That question came in through my channels last week with no context and no background information. Thankfully, with 20+ years experience building companies on sweat and intellectual property, I don’t need either.

The short answer is: A truly great product or service idea is one that can never be copied, because its success or failure all depends on how well the company executes the idea.

The longer and less-bullshit answer is far more complex and nuanced. But it’s still about playing chess while everyone else is playing checkers.

The swamp and the moat

I like to use story elements when it comes to giving actionable insight on these kinds of complex concepts. Stories are great because investors, board members, and customers can understand them quickly, and entrepreneurs can quickly apply the concepts to their own unique product or service.

One of the key story elements we’re using for our next fundraising cycle paints a vivid picture of the value of our intellectual property and our plans for keeping our secrets away from the inevitable competition. I dubbed the story the swamp and the moat.

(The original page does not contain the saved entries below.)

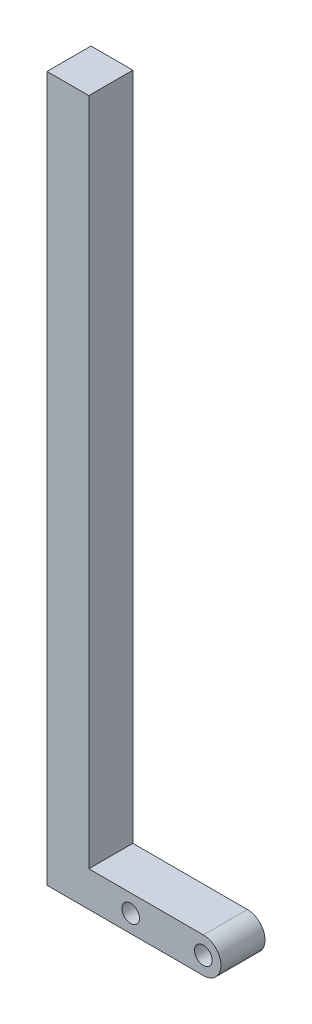
ISO-10303-21;
HEADER;
FILE_DESCRIPTION(('STEP AP214'),'2;1');
FILE_NAME('part.step','',(''),(''),'','','');
FILE_SCHEMA(('AUTOMOTIVE_DESIGN { 1 0 10303 214 1 1 1 1 }'));
ENDSEC;
DATA;
#1=APPLICATION_CONTEXT('core data for automotive mechanical design processes');
#2=APPLICATION_PROTOCOL_DEFINITION('international standard','automotive_design',2000,#1);
#3=PRODUCT_CONTEXT('',#1,'mechanical');
#4=PRODUCT('Part','Part','',(#3));
#5=PRODUCT_RELATED_PRODUCT_CATEGORY('part','',(#4));
#6=PRODUCT_DEFINITION_FORMATION('','',#4);
#7=PRODUCT_DEFINITION_CONTEXT('part definition',#1,'design');
#8=PRODUCT_DEFINITION('design','',#6,#7);
#9=PRODUCT_DEFINITION_SHAPE('','',#8);
#10=(LENGTH_UNIT() NAMED_UNIT(*) SI_UNIT(.MILLI.,.METRE.));
#11=(NAMED_UNIT(*) PLANE_ANGLE_UNIT() SI_UNIT($,.RADIAN.));
#12=(NAMED_UNIT(*) SI_UNIT($,.STERADIAN.) SOLID_ANGLE_UNIT());
#13=UNCERTAINTY_MEASURE_WITH_UNIT(LENGTH_MEASURE(1.E-05),#10,'distance_accuracy_value','');
#14=(GEOMETRIC_REPRESENTATION_CONTEXT(3) GLOBAL_UNCERTAINTY_ASSIGNED_CONTEXT((#13)) GLOBAL_UNIT_ASSIGNED_CONTEXT((#10,
#11,#12)) REPRESENTATION_CONTEXT('',''));
#15=CARTESIAN_POINT('',(0.,0.,0.));
#16=DIRECTION('',(0.,0.,1.));
#17=DIRECTION('',(1.,0.,0.));
#18=AXIS2_PLACEMENT_3D('',#15,#16,#17);
#19=CARTESIAN_POINT('',(8.25,0.,5.));
#20=DIRECTION('',(0.,0.,1.));
#21=DIRECTION('',(1.,0.,0.));
#22=AXIS2_PLACEMENT_3D('',#19,#20,#21);
#23=PLANE('',#22);
#24=CARTESIAN_POINT('',(0.,0.,5.));
#25=DIRECTION('',(0.,0.,1.));
#26=DIRECTION('',(1.,0.,0.));
#27=AXIS2_PLACEMENT_3D('',#24,#25,#26);
#28=CIRCLE('',#27,1.);
#29=CARTESIAN_POINT('',(1.,0.,5.));
#30=VERTEX_POINT('',#29);
#31=EDGE_CURVE('E130',#30,#30,#28,.T.);
#32=ORIENTED_EDGE('',*,*,#31,.F.);
#33=EDGE_LOOP('',(#32));
#34=FACE_BOUND('',#33,.T.);
#35=DIRECTION('',(-1.,0.,0.));
#36=VECTOR('',#35,1.);
#37=CARTESIAN_POINT('',(-4.74999999999999,2.,5.));
#38=LINE('',#37,#36);
#39=CARTESIAN_POINT('',(8.25,2.,5.));
#40=VERTEX_POINT('',#39);
#41=CARTESIAN_POINT('',(-4.74999999999999,2.,5.));
#42=VERTEX_POINT('',#41);
#43=EDGE_CURVE('E55',#40,#42,#38,.T.);
#44=ORIENTED_EDGE('',*,*,#43,.T.);
#45=DIRECTION('',(0.,1.,0.));
#46=VECTOR('',#45,1.);
#47=CARTESIAN_POINT('',(-4.75,78.,5.));
#48=LINE('',#47,#46);
#49=CARTESIAN_POINT('',(-4.75,78.,5.));
#50=VERTEX_POINT('',#49);
#51=EDGE_CURVE('E92',#42,#50,#48,.T.);
#52=ORIENTED_EDGE('',*,*,#51,.T.);
#53=DIRECTION('',(-1.,0.,0.));
#54=VECTOR('',#53,1.);
#55=CARTESIAN_POINT('',(-9.5,78.,5.));
#56=LINE('',#55,#54);
#57=CARTESIAN_POINT('',(-9.5,78.,5.));
#58=VERTEX_POINT('',#57);
#59=EDGE_CURVE('E106',#50,#58,#56,.T.);
#60=ORIENTED_EDGE('',*,*,#59,.T.);
#61=DIRECTION('',(0.,-1.,0.));
#62=VECTOR('',#61,1.);
#63=CARTESIAN_POINT('',(-9.5,-2.,5.));
#64=LINE('',#63,#62);
#65=CARTESIAN_POINT('',(-9.5,-2.,5.));
#66=VERTEX_POINT('',#65);
#67=EDGE_CURVE('E100',#58,#66,#64,.T.);
#68=ORIENTED_EDGE('',*,*,#67,.T.);
#69=DIRECTION('',(1.,0.,0.));
#70=VECTOR('',#69,1.);
#71=CARTESIAN_POINT('',(-0.5,-2.,5.));
#72=LINE('',#71,#70);
#73=CARTESIAN_POINT('',(8.25,-2.,5.));
#74=VERTEX_POINT('',#73);
#75=EDGE_CURVE('E104',#66,#74,#72,.T.);
#76=ORIENTED_EDGE('',*,*,#75,.T.);
#77=CARTESIAN_POINT('',(8.25,0.,5.));
#78=DIRECTION('',(0.,0.,1.));
#79=DIRECTION('',(1.,0.,0.));
#80=AXIS2_PLACEMENT_3D('',#77,#78,#79);
#81=CIRCLE('',#80,2.);
#82=EDGE_CURVE('E121',#74,#40,#81,.T.);
#83=ORIENTED_EDGE('',*,*,#82,.T.);
#84=EDGE_LOOP('',(#44,#52,#60,#68,#76,#83));
#85=FACE_BOUND('',#84,.T.);
#86=CARTESIAN_POINT('',(8.25,0.,5.));
#87=DIRECTION('',(0.,0.,1.));
#88=DIRECTION('',(1.,0.,0.));
#89=AXIS2_PLACEMENT_3D('',#86,#87,#88);
#90=CIRCLE('',#89,1.);
#91=CARTESIAN_POINT('',(9.25,0.,5.));
#92=VERTEX_POINT('',#91);
#93=EDGE_CURVE('E156',#92,#92,#90,.T.);
#94=ORIENTED_EDGE('',*,*,#93,.F.);
#95=EDGE_LOOP('',(#94));
#96=FACE_BOUND('',#95,.T.);
#97=ADVANCED_FACE('F38',(#34,#85,#96),#23,.T.);
#98=CARTESIAN_POINT('',(8.25,0.,0.));
#99=DIRECTION('',(0.,0.,1.));
#100=DIRECTION('',(1.,0.,0.));
#101=AXIS2_PLACEMENT_3D('',#98,#99,#100);
#102=PLANE('',#101);
#103=DIRECTION('',(0.,1.,0.));
#104=VECTOR('',#103,1.);
#105=CARTESIAN_POINT('',(-4.75,78.,0.));
#106=LINE('',#105,#104);
#107=CARTESIAN_POINT('',(-4.74999999999999,2.,0.));
#108=VERTEX_POINT('',#107);
#109=CARTESIAN_POINT('',(-4.75,78.,0.));
#110=VERTEX_POINT('',#109);
#111=EDGE_CURVE('E127',#108,#110,#106,.T.);
#112=ORIENTED_EDGE('',*,*,#111,.F.);
#113=DIRECTION('',(-1.,0.,0.));
#114=VECTOR('',#113,1.);
#115=CARTESIAN_POINT('',(0.,2.,0.));
#116=LINE('',#115,#114);
#117=CARTESIAN_POINT('',(8.25,2.,0.));
#118=VERTEX_POINT('',#117);
#119=EDGE_CURVE('E135',#118,#108,#116,.T.);
#120=ORIENTED_EDGE('',*,*,#119,.F.);
#121=CARTESIAN_POINT('',(8.25,0.,0.));
#122=DIRECTION('',(0.,0.,1.));
#123=DIRECTION('',(1.,0.,0.));
#124=AXIS2_PLACEMENT_3D('',#121,#122,#123);
#125=CIRCLE('',#124,2.);
#126=CARTESIAN_POINT('',(8.25,-2.,0.));
#127=VERTEX_POINT('',#126);
#128=EDGE_CURVE('E85',#127,#118,#125,.T.);
#129=ORIENTED_EDGE('',*,*,#128,.F.);
#130=DIRECTION('',(1.,0.,0.));
#131=VECTOR('',#130,1.);
#132=CARTESIAN_POINT('',(8.25,-2.,0.));
#133=LINE('',#132,#131);
#134=CARTESIAN_POINT('',(-9.5,-2.,0.));
#135=VERTEX_POINT('',#134);
#136=EDGE_CURVE('E78',#135,#127,#133,.T.);
#137=ORIENTED_EDGE('',*,*,#136,.F.);
#138=DIRECTION('',(0.,-1.,0.));
#139=VECTOR('',#138,1.);
#140=CARTESIAN_POINT('',(-9.5,-2.,0.));
#141=LINE('',#140,#139);
#142=CARTESIAN_POINT('',(-9.5,78.,0.));
#143=VERTEX_POINT('',#142);
#144=EDGE_CURVE('E115',#143,#135,#141,.T.);
#145=ORIENTED_EDGE('',*,*,#144,.F.);
#146=DIRECTION('',(-1.,0.,0.));
#147=VECTOR('',#146,1.);
#148=CARTESIAN_POINT('',(-9.5,78.,0.));
#149=LINE('',#148,#147);
#150=EDGE_CURVE('E129',#110,#143,#149,.T.);
#151=ORIENTED_EDGE('',*,*,#150,.F.);
#152=EDGE_LOOP('',(#112,#120,#129,#137,#145,#151));
#153=FACE_BOUND('',#152,.T.);
#154=CARTESIAN_POINT('',(0.,0.,0.));
#155=DIRECTION('',(0.,0.,1.));
#156=DIRECTION('',(1.,0.,0.));
#157=AXIS2_PLACEMENT_3D('',#154,#155,#156);
#158=CIRCLE('',#157,1.);
#159=CARTESIAN_POINT('',(1.,0.,0.));
#160=VERTEX_POINT('',#159);
#161=EDGE_CURVE('E153',#160,#160,#158,.T.);
#162=ORIENTED_EDGE('',*,*,#161,.T.);
#163=EDGE_LOOP('',(#162));
#164=FACE_BOUND('',#163,.T.);
#165=CARTESIAN_POINT('',(8.25,0.,0.));
#166=DIRECTION('',(0.,0.,1.));
#167=DIRECTION('',(1.,0.,0.));
#168=AXIS2_PLACEMENT_3D('',#165,#166,#167);
#169=CIRCLE('',#168,1.);
#170=CARTESIAN_POINT('',(9.25,0.,0.));
#171=VERTEX_POINT('',#170);
#172=EDGE_CURVE('E159',#171,#171,#169,.T.);
#173=ORIENTED_EDGE('',*,*,#172,.T.);
#174=EDGE_LOOP('',(#173));
#175=FACE_BOUND('',#174,.T.);
#176=ADVANCED_FACE('F145',(#153,#164,#175),#102,.F.);
#177=CARTESIAN_POINT('',(-4.75,78.,5.));
#178=DIRECTION('',(-1.,0.,0.));
#179=DIRECTION('',(0.,-1.,0.));
#180=AXIS2_PLACEMENT_3D('',#177,#178,#179);
#181=PLANE('',#180);
#182=ORIENTED_EDGE('',*,*,#111,.T.);
#183=DIRECTION('',(0.,0.,-1.));
#184=VECTOR('',#183,1.);
#185=CARTESIAN_POINT('',(-4.75,78.,5.));
#186=LINE('',#185,#184);
#187=EDGE_CURVE('E47',#50,#110,#186,.T.);
#188=ORIENTED_EDGE('',*,*,#187,.F.);
#189=ORIENTED_EDGE('',*,*,#51,.F.);
#190=DIRECTION('',(0.,0.,-1.));
#191=VECTOR('',#190,1.);
#192=CARTESIAN_POINT('',(-4.74999999999999,2.,5.));
#193=LINE('',#192,#191);
#194=EDGE_CURVE('E11',#42,#108,#193,.T.);
#195=ORIENTED_EDGE('',*,*,#194,.T.);
#196=EDGE_LOOP('',(#182,#188,#189,#195));
#197=FACE_BOUND('',#196,.T.);
#198=ADVANCED_FACE('F40',(#197),#181,.F.);
#199=CARTESIAN_POINT('',(-9.5,78.,5.));
#200=DIRECTION('',(0.,-1.,0.));
#201=DIRECTION('',(0.,0.,-1.));
#202=AXIS2_PLACEMENT_3D('',#199,#200,#201);
#203=PLANE('',#202);
#204=ORIENTED_EDGE('',*,*,#150,.T.);
#205=DIRECTION('',(0.,0.,-1.));
#206=VECTOR('',#205,1.);
#207=CARTESIAN_POINT('',(-9.5,78.,5.));
#208=LINE('',#207,#206);
#209=EDGE_CURVE('E116',#58,#143,#208,.T.);
#210=ORIENTED_EDGE('',*,*,#209,.F.);
#211=ORIENTED_EDGE('',*,*,#59,.F.);
#212=ORIENTED_EDGE('',*,*,#187,.T.);
#213=EDGE_LOOP('',(#204,#210,#211,#212));
#214=FACE_BOUND('',#213,.T.);
#215=ADVANCED_FACE('F142',(#214),#203,.F.);
#216=CARTESIAN_POINT('',(-9.5,-2.,5.));
#217=DIRECTION('',(1.,0.,0.));
#218=DIRECTION('',(0.,1.,0.));
#219=AXIS2_PLACEMENT_3D('',#216,#217,#218);
#220=PLANE('',#219);
#221=ORIENTED_EDGE('',*,*,#144,.T.);
#222=DIRECTION('',(0.,0.,-1.));
#223=VECTOR('',#222,1.);
#224=CARTESIAN_POINT('',(-9.5,-2.,5.));
#225=LINE('',#224,#223);
#226=EDGE_CURVE('E112',#66,#135,#225,.T.);
#227=ORIENTED_EDGE('',*,*,#226,.F.);
#228=ORIENTED_EDGE('',*,*,#67,.F.);
#229=ORIENTED_EDGE('',*,*,#209,.T.);
#230=EDGE_LOOP('',(#221,#227,#228,#229));
#231=FACE_BOUND('',#230,.T.);
#232=ADVANCED_FACE('F113',(#231),#220,.F.);
#233=CARTESIAN_POINT('',(8.25,-2.,5.));
#234=DIRECTION('',(0.,1.,0.));
#235=DIRECTION('',(-1.,0.,0.));
#236=AXIS2_PLACEMENT_3D('',#233,#234,#235);
#237=PLANE('',#236);
#238=ORIENTED_EDGE('',*,*,#136,.T.);
#239=DIRECTION('',(0.,0.,-1.));
#240=VECTOR('',#239,1.);
#241=CARTESIAN_POINT('',(8.25,-2.,5.));
#242=LINE('',#241,#240);
#243=EDGE_CURVE('E117',#74,#127,#242,.T.);
#244=ORIENTED_EDGE('',*,*,#243,.F.);
#245=ORIENTED_EDGE('',*,*,#75,.F.);
#246=ORIENTED_EDGE('',*,*,#226,.T.);
#247=EDGE_LOOP('',(#238,#244,#245,#246));
#248=FACE_BOUND('',#247,.T.);
#249=ADVANCED_FACE('F119',(#248),#237,.F.);
#250=CARTESIAN_POINT('',(8.25,0.,5.));
#251=DIRECTION('',(0.,0.,-1.));
#252=DIRECTION('',(-1.,0.,0.));
#253=AXIS2_PLACEMENT_3D('',#250,#251,#252);
#254=CYLINDRICAL_SURFACE('',#253,2.);
#255=ORIENTED_EDGE('',*,*,#128,.T.);
#256=DIRECTION('',(0.,0.,-1.));
#257=VECTOR('',#256,1.);
#258=CARTESIAN_POINT('',(8.25,2.,5.));
#259=LINE('',#258,#257);
#260=EDGE_CURVE('E123',#40,#118,#259,.T.);
#261=ORIENTED_EDGE('',*,*,#260,.F.);
#262=ORIENTED_EDGE('',*,*,#82,.F.);
#263=ORIENTED_EDGE('',*,*,#243,.T.);
#264=EDGE_LOOP('',(#255,#261,#262,#263));
#265=FACE_BOUND('',#264,.T.);
#266=ADVANCED_FACE('F149',(#265),#254,.T.);
#267=CARTESIAN_POINT('',(0.,2.,5.));
#268=DIRECTION('',(0.,-1.,0.));
#269=DIRECTION('',(0.,0.,-1.));
#270=AXIS2_PLACEMENT_3D('',#267,#268,#269);
#271=PLANE('',#270);
#272=ORIENTED_EDGE('',*,*,#119,.T.);
#273=ORIENTED_EDGE('',*,*,#194,.F.);
#274=ORIENTED_EDGE('',*,*,#43,.F.);
#275=ORIENTED_EDGE('',*,*,#260,.T.);
#276=EDGE_LOOP('',(#272,#273,#274,#275));
#277=FACE_BOUND('',#276,.T.);
#278=ADVANCED_FACE('F148',(#277),#271,.F.);
#279=CARTESIAN_POINT('',(0.,0.,5.));
#280=DIRECTION('',(0.,0.,-1.));
#281=DIRECTION('',(-1.,0.,0.));
#282=AXIS2_PLACEMENT_3D('',#279,#280,#281);
#283=CYLINDRICAL_SURFACE('',#282,1.);
#284=ORIENTED_EDGE('',*,*,#31,.T.);
#285=EDGE_LOOP('',(#284));
#286=FACE_BOUND('',#285,.T.);
#287=ORIENTED_EDGE('',*,*,#161,.F.);
#288=EDGE_LOOP('',(#287));
#289=FACE_BOUND('',#288,.T.);
#290=ADVANCED_FACE('F176',(#286,#289),#283,.F.);
#291=CARTESIAN_POINT('',(8.25,0.,5.));
#292=DIRECTION('',(0.,0.,-1.));
#293=DIRECTION('',(-1.,0.,0.));
#294=AXIS2_PLACEMENT_3D('',#291,#292,#293);
#295=CYLINDRICAL_SURFACE('',#294,1.);
#296=ORIENTED_EDGE('',*,*,#93,.T.);
#297=EDGE_LOOP('',(#296));
#298=FACE_BOUND('',#297,.T.);
#299=ORIENTED_EDGE('',*,*,#172,.F.);
#300=EDGE_LOOP('',(#299));
#301=FACE_BOUND('',#300,.T.);
#302=ADVANCED_FACE('F165',(#298,#301),#295,.F.);
#303=CLOSED_SHELL('',(#97,#176,#198,#215,#232,#249,#266,#278,#290,#302));
#304=MANIFOLD_SOLID_BREP('B2',#303);
#305=ADVANCED_BREP_SHAPE_REPRESENTATION('',(#18,#304),#14);
#306=SHAPE_DEFINITION_REPRESENTATION(#9,#305);
ENDSEC;
END-ISO-10303-21;

Quick background: At Precision Fermentation, we’ve developed a hardware and software solution to monitor and automate brewing. When you brew beer, what’s inside that tank is a swamp. It’s dark, it’s murky, and there’s all kinds of science happening with bacteria and chemical reactions. It’s incredibly difficult to monitor, let alone automate. I could drone on, but I think I painted the proper picture.

We’ve developed a solution that not only lets you see inside the swamp, but gives you a very clear map through that swamp to a very high-quality product on the other side. Optimized. Efficient. Repeatable.

The problem you’re trying to solve with your product or service is also a swamp, just maybe in a less physically metaphorical sense. If the problem wasn’t murky, soupy, and difficult to cut a path…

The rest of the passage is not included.